(Source data)
= Beginning of Section =

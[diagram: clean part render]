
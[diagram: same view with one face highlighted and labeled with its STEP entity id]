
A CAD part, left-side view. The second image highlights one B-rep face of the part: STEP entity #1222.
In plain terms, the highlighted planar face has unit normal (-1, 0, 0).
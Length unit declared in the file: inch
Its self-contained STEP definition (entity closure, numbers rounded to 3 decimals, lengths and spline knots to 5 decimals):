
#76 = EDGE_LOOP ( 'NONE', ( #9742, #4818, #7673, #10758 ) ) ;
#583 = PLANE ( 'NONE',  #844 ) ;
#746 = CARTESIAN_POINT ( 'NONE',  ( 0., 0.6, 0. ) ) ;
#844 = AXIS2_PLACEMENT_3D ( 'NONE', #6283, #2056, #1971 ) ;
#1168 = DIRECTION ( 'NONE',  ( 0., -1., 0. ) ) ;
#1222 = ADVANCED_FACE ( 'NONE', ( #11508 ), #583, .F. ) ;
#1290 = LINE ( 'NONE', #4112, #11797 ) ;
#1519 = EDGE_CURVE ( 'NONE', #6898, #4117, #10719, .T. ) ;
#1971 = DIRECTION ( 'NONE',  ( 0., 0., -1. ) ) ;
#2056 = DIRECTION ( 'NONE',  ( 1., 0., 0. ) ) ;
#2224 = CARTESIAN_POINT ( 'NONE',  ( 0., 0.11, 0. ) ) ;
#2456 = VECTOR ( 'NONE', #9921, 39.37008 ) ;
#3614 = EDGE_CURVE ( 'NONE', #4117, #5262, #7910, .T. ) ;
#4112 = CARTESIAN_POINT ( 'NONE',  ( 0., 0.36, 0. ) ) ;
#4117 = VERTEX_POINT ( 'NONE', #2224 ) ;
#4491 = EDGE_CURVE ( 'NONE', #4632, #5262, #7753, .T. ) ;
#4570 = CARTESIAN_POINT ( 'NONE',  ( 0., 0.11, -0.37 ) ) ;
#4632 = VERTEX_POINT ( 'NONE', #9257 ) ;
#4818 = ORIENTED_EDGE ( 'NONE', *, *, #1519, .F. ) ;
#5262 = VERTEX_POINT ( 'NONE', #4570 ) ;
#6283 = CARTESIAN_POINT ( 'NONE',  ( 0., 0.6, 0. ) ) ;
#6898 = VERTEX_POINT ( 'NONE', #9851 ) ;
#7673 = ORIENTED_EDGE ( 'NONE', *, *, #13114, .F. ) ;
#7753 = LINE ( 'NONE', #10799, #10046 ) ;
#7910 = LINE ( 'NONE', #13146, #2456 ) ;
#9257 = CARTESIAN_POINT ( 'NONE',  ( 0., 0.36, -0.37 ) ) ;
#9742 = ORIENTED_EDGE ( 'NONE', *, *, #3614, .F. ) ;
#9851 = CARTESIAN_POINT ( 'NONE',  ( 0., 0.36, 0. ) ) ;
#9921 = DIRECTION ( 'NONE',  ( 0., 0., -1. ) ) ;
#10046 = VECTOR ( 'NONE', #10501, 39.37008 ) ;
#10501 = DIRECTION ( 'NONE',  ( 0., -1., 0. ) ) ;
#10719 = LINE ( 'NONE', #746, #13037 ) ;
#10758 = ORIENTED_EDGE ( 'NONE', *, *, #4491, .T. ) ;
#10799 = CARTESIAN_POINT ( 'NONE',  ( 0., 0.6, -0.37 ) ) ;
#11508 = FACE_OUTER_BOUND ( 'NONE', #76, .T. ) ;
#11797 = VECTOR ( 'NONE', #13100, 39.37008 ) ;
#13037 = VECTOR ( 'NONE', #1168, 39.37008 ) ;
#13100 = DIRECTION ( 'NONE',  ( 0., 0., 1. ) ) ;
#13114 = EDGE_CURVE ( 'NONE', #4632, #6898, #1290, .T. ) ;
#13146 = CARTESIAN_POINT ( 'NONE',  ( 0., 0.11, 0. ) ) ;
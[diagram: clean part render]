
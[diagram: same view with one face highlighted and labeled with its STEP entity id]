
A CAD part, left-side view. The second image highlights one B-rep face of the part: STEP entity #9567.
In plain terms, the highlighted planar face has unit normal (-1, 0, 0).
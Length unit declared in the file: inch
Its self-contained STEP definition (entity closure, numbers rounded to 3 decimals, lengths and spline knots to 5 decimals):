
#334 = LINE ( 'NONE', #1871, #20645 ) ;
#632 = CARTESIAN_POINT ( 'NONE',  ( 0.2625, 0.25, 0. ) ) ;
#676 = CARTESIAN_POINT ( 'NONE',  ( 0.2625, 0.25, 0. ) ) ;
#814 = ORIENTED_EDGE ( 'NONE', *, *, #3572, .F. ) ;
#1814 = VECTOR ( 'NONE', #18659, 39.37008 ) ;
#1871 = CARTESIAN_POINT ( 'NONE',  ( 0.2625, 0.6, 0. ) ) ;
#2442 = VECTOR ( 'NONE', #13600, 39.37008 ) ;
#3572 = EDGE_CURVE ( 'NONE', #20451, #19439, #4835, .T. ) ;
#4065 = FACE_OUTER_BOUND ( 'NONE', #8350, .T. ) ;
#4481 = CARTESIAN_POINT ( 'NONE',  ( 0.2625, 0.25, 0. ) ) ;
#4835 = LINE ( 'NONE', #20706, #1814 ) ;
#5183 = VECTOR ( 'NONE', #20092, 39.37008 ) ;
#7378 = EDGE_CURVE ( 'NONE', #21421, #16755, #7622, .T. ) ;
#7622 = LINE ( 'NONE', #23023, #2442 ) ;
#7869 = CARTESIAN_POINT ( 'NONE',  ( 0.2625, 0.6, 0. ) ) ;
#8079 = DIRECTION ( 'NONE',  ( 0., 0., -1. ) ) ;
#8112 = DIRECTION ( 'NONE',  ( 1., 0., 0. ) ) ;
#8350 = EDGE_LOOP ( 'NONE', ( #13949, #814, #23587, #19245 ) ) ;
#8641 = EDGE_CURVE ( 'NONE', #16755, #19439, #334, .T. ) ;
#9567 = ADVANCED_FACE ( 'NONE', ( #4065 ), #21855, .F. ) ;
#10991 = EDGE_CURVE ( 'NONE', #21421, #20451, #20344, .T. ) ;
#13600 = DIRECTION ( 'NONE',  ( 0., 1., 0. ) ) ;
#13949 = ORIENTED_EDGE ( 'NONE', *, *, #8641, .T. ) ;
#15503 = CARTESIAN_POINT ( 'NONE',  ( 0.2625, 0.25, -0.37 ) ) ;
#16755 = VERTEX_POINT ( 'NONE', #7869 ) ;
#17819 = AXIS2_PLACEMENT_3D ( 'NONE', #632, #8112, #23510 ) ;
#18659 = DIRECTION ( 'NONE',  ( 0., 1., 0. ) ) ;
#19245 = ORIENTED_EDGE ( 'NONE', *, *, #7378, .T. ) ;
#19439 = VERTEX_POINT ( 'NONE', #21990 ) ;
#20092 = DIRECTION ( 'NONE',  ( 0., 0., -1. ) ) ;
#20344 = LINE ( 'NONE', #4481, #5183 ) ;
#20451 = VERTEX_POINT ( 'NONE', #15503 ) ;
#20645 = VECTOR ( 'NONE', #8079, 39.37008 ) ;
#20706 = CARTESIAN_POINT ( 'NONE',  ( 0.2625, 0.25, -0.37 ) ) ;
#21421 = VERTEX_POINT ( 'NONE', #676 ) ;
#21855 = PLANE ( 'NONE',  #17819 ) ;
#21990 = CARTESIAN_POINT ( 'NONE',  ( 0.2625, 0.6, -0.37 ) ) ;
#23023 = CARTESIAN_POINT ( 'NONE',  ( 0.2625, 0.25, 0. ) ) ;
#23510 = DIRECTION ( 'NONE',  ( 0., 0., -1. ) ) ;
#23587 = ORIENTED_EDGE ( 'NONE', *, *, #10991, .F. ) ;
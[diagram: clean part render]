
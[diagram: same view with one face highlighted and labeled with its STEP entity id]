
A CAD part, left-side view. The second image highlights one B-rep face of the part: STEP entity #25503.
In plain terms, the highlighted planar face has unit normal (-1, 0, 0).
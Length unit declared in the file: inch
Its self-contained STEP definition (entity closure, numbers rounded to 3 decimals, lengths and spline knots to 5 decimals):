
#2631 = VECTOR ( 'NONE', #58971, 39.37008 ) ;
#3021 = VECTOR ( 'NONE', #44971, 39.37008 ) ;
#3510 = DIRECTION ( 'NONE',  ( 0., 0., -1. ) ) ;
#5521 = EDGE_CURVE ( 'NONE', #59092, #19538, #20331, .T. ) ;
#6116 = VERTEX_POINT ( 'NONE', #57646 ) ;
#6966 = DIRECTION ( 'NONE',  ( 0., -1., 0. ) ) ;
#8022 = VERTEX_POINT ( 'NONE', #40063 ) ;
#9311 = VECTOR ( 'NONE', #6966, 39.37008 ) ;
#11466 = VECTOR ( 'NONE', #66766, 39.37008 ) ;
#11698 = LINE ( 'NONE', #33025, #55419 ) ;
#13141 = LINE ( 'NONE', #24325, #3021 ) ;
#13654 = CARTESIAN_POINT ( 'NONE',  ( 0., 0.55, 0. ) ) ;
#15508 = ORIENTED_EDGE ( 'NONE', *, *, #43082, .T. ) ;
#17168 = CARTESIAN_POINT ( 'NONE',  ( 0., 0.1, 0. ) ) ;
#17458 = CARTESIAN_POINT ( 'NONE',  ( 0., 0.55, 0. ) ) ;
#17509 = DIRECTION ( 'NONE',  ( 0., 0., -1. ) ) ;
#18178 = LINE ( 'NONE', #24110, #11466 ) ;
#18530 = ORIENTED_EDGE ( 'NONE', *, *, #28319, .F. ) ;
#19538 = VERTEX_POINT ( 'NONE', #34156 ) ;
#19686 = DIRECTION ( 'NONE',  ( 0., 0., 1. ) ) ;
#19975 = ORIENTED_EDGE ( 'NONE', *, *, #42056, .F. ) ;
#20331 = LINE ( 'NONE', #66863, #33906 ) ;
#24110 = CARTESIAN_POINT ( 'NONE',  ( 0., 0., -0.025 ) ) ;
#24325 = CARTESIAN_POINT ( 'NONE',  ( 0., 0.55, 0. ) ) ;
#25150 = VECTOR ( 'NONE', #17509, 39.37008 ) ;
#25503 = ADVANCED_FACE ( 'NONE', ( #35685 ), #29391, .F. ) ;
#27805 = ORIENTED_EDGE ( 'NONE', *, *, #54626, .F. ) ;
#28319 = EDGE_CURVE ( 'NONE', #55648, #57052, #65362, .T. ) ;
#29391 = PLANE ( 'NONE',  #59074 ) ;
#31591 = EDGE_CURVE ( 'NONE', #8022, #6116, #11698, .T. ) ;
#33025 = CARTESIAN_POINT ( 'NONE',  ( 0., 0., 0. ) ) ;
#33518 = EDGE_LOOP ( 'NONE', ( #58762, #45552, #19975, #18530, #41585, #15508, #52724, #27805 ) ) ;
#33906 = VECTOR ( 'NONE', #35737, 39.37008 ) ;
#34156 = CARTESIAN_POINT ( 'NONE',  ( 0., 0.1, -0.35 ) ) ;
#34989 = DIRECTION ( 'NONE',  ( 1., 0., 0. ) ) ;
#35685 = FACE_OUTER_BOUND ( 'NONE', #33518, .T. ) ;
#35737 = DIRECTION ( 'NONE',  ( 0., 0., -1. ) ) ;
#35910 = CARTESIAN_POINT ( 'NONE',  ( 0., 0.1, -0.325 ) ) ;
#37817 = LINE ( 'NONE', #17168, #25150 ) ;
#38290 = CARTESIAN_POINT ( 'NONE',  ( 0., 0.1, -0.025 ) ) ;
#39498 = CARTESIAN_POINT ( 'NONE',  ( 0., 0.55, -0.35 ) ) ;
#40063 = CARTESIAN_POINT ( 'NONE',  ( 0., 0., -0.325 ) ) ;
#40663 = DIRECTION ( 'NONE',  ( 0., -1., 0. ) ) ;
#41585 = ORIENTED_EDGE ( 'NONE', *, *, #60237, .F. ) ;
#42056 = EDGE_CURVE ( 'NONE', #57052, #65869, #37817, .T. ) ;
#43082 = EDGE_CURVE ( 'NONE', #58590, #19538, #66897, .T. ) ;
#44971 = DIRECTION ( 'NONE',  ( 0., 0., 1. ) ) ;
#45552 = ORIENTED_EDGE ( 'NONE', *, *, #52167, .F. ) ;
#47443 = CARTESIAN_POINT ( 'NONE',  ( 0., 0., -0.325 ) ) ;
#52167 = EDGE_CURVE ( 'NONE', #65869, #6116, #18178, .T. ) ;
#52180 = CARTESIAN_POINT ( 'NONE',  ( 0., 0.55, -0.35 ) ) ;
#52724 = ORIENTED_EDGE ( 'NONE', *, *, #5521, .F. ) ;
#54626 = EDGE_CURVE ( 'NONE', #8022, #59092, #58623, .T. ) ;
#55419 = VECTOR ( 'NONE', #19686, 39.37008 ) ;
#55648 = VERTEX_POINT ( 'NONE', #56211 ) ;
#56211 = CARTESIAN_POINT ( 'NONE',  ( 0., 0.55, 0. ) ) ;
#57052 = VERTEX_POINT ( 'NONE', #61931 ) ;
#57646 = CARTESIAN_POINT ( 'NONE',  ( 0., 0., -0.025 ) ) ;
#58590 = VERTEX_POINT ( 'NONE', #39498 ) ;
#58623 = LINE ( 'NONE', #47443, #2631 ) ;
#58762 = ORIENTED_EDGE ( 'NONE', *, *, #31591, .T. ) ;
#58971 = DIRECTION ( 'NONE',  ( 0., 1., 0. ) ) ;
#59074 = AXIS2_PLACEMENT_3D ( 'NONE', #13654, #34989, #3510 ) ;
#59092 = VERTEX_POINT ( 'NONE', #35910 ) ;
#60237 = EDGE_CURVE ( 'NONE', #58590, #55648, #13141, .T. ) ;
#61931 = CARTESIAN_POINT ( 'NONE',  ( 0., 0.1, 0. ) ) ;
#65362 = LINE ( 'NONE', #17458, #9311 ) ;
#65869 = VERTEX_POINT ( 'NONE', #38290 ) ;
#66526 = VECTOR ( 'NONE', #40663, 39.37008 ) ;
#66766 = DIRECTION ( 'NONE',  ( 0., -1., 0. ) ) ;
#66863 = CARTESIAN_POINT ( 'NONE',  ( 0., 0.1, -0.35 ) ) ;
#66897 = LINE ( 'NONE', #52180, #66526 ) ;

= End of Section =

**INSTRUCTIONS FOR THE TASK**
Output the lines of the records above exactly as they appear, from the line containing "#13654 = CARTESIAN_POINT" through the line containing "#35737 = DIRECTION".

**THE ANSWER**
#13654 = CARTESIAN_POINT ( 'NONE',  ( 0., 0.55, 0. ) ) ;
#15508 = ORIENTED_EDGE ( 'NONE', *, *, #43082, .T. ) ;
#17168 = CARTESIAN_POINT ( 'NONE',  ( 0., 0.1, 0. ) ) ;
#17458 = CARTESIAN_POINT ( 'NONE',  ( 0., 0.55, 0. ) ) ;
#17509 = DIRECTION ( 'NONE',  ( 0., 0., -1. ) ) ;
#18178 = LINE ( 'NONE', #24110, #11466 ) ;
#18530 = ORIENTED_EDGE ( 'NONE', *, *, #28319, .F. ) ;
#19538 = VERTEX_POINT ( 'NONE', #34156 ) ;
#19686 = DIRECTION ( 'NONE',  ( 0., 0., 1. ) ) ;
#19975 = ORIENTED_EDGE ( 'NONE', *, *, #42056, .F. ) ;
#20331 = LINE ( 'NONE', #66863, #33906 ) ;
#24110 = CARTESIAN_POINT ( 'NONE',  ( 0., 0., -0.025 ) ) ;
#24325 = CARTESIAN_POINT ( 'NONE',  ( 0., 0.55, 0. ) ) ;
#25150 = VECTOR ( 'NONE', #17509, 39.37008 ) ;
#25503 = ADVANCED_FACE ( 'NONE', ( #35685 ), #29391, .F. ) ;
#27805 = ORIENTED_EDGE ( 'NONE', *, *, #54626, .F. ) ;
#28319 = EDGE_CURVE ( 'NONE', #55648, #57052, #65362, .T. ) ;
#29391 = PLANE ( 'NONE',  #59074 ) ;
#31591 = EDGE_CURVE ( 'NONE', #8022, #6116, #11698, .T. ) ;
#33025 = CARTESIAN_POINT ( 'NONE',  ( 0., 0., 0. ) ) ;
#33518 = EDGE_LOOP ( 'NONE', ( #58762, #45552, #19975, #18530, #41585, #15508, #52724, #27805 ) ) ;
#33906 = VECTOR ( 'NONE', #35737, 39.37008 ) ;
#34156 = CARTESIAN_POINT ( 'NONE',  ( 0., 0.1, -0.35 ) ) ;
#34989 = DIRECTION ( 'NONE',  ( 1., 0., 0. ) ) ;
#35685 = FACE_OUTER_BOUND ( 'NONE', #33518, .T. ) ;
#35737 = DIRECTION ( 'NONE',  ( 0., 0., -1. ) ) ;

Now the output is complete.